Spotify would be the first to admit it has a bumpy road ahead, said Aaron Mak in Slate.com. Its impressive growth has never translated into profits; last year, it lost $1.5 billion despite revenues of nearly $5 billion. One of problems is the licensing dues it has to pay to music publishers. Every time a user streams a song, the company forks over a licensing fee. That means even as its user base grows, so do its content costs, “making it difficult to turn a profit unless it finds another sustainabl­e revenue source or figures out how to pay less to publishers.” Spotify, for its part, insists it will be able to cut a more beneficial deal with music labels once it grows big enough. I wouldn’t be surprised, said Erin Griffith in Wired.com. Like Netflix, Spotify has outlasted a litany of now-defunct competitor­s and imitators. It has also done something truly remarkable: persuaded an entire generation of music fans to pay “to access digital media that they once got for free.” Now it just has to hold on to its No. 1 market position as Apple, Google, and Amazon build competing services.

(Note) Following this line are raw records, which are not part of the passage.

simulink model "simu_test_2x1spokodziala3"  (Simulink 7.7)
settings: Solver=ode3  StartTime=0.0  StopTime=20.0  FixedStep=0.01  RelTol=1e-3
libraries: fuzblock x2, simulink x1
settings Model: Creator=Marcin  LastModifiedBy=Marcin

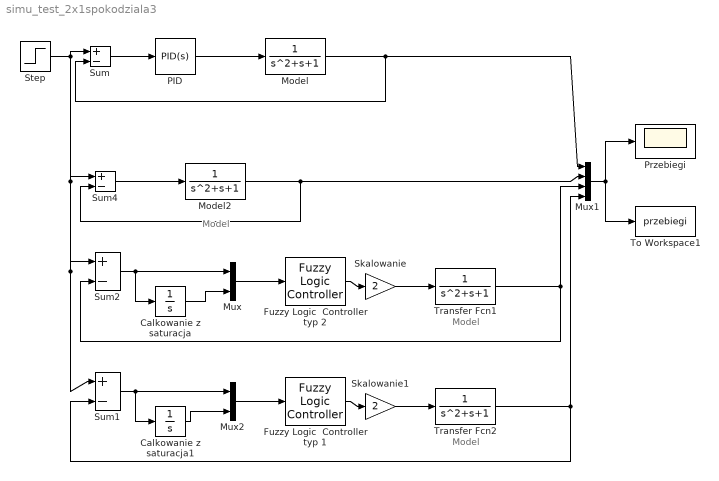
== system simu_test_2x1spokodziala3 ==
  note: Model
  note: Model
  note: Model
  Calkowanie z saturacja : Integrator  LimitOutput=on  UpperSaturationLimit=2  LowerSaturationLimit=-2
  Calkowanie z saturacja1 : Integrator  LimitOutput=on  UpperSaturationLimit=2  LowerSaturationLimit=-2
  Fuzzy Logic  Controller typ 1 : fuzblock/Fuzzy Logic  Controller  SystemSampleTime=-1  fis=fuzzy1
  Fuzzy Logic  Controller typ 2 : fuzblock/Fuzzy Logic  Controller  SystemSampleTime=-1  fis=fls
  Model : TransferFcn  Denominator=[1 1 1]
  Model2 : TransferFcn  Numerator=1  Denominator=[1 1 1]
  Mux : Mux  Inputs=2
  Mux1 : Mux
  Mux2 : Mux  Inputs=2
  PID : simulink/Continuous/PID Controller  SystemSampleTime=-1  Controller=PID  TimeDomain=Continuous-time  SampleTime=1  IntegratorMethod=Forward Euler  FilterMethod=Forward Euler  Form=Parallel  P=2  I=0.3  D=0.0001  N=100  InitialConditionSource=internal  InitialConditionForIntegrator=0  InitialConditionForFilter=0  ExternalReset=none  LimitOutput=off  UpperSaturationLimit=inf  LowerSaturationLimit=-inf  LinearizeAsGain=off  AntiWindupMode=none  Kb=1  TrackingMode=off  Kt=1  PParamMin=[]  PParamMax=[]  IParamMin=[]  IParamMax=[]  DParamMin=[]  DParamMax=[]  NParamMin=[]  NParamMax=[]  KbParamMin=[]  KbParamMax=[]  KtParamMin=[]  KtParamMax=[]  POutMin=[]  POutMax=[]  IOutMin=[]  IOutMax=[]  DOutMin=[]  DOutMax=[]  NOutMin=[]  NOutMax=[]  KbOutMin=[]  KbOutMax=[]  KtOutMin=[]  KtOutMax=[]  IntegratorOutMin=[]  IntegratorOutMax=[]  FilterOutMin=[]  FilterOutMax=[]  SumOutMin=[]  SumOutMax=[]  SumI1OutMin=[]  SumI1OutMax=[]  SumI2OutMin=[]  SumI2OutMax=[]  SumI3OutMin=[]  SumI3OutMax=[]  SumDOutMin=[]  SumDOutMax=[]  SaturationOutMin=[]  SaturationOutMax=[]  IntegratorContinuousStateAttributes=''  IntegratorStateMustResolveToSignalObject=off  IntegratorRTWStateStorageClass=Auto  FilterContinuousStateAttributes=''  FilterStateMustResolveToSignalObject=off  FilterRTWStateStorageClass=Auto
  Przebiegi : Scope
      settings: TimeRange=20  YMin=-0.5  YMax=2.75
  Skalowanie : Gain  Gain=2
  Skalowanie1 : Gain  Gain=2
  Step : Step  Time=0  SampleTime=0
  Sum{,1..2,4} (4 alike) : Sum  Inputs=|+-
  To Workspace1 : ToWorkspace  VariableName=przebiegi  SampleTime=-1  SaveFormat=Structure
  Transfer Fcn1 : TransferFcn  Denominator=[1 1 1]
  Transfer Fcn2 : TransferFcn  Denominator=[1 1 1]
  wires:
  Sum/1 -> PID/1
  Model/1 -> Sum/2, Mux1/1
  Step/1 -> Sum/1, Sum4/1, Sum2/1, Sum1/1
  PID/1 -> Model/1
  Transfer Fcn1/1 -> Sum2/2, Mux1/3
  Mux/1 -> Fuzzy Logic  Controller typ 2/1
  Model2/1 -> Sum4/2, Mux1/2
  Mux1/1 -> Przebiegi/1, To Workspace1/1
  Fuzzy Logic  Controller typ 2/1 -> Skalowanie/1
  Sum2/1 -> Mux/1, Calkowanie z saturacja/1
  Calkowanie z saturacja/1 -> Mux/2
  Sum4/1 -> Model2/1
  Skalowanie/1 -> Transfer Fcn1/1
  Transfer Fcn2/1 -> Sum1/2, Mux1/4
  Mux2/1 -> Fuzzy Logic  Controller typ 1/1
  Fuzzy Logic  Controller typ 1/1 -> Skalowanie1/1
  Sum1/1 -> Mux2/1, Calkowanie z saturacja1/1
  Calkowanie z saturacja1/1 -> Mux2/2
  Skalowanie1/1 -> Transfer Fcn2/1

The size of Spotify’s user base remains its key advantage, said Stephen Witt in NPR.org. Users not only pay for subscripti­ons, or listen to ads on the free tier—they also provide data. Analytics can capture listener demographi­cs such as age, gender, and location, which can help musicians figure out where to tour and allow labels to better hone their marketing. A spot on one of Spotify’s curated playlists, which are made by a staff of editorial tastemaker­s aided by machine-learning algorithms, can instantly turn a song into a moneymaker. As with Facebook, data “could be Spotify’s most valuable asset.”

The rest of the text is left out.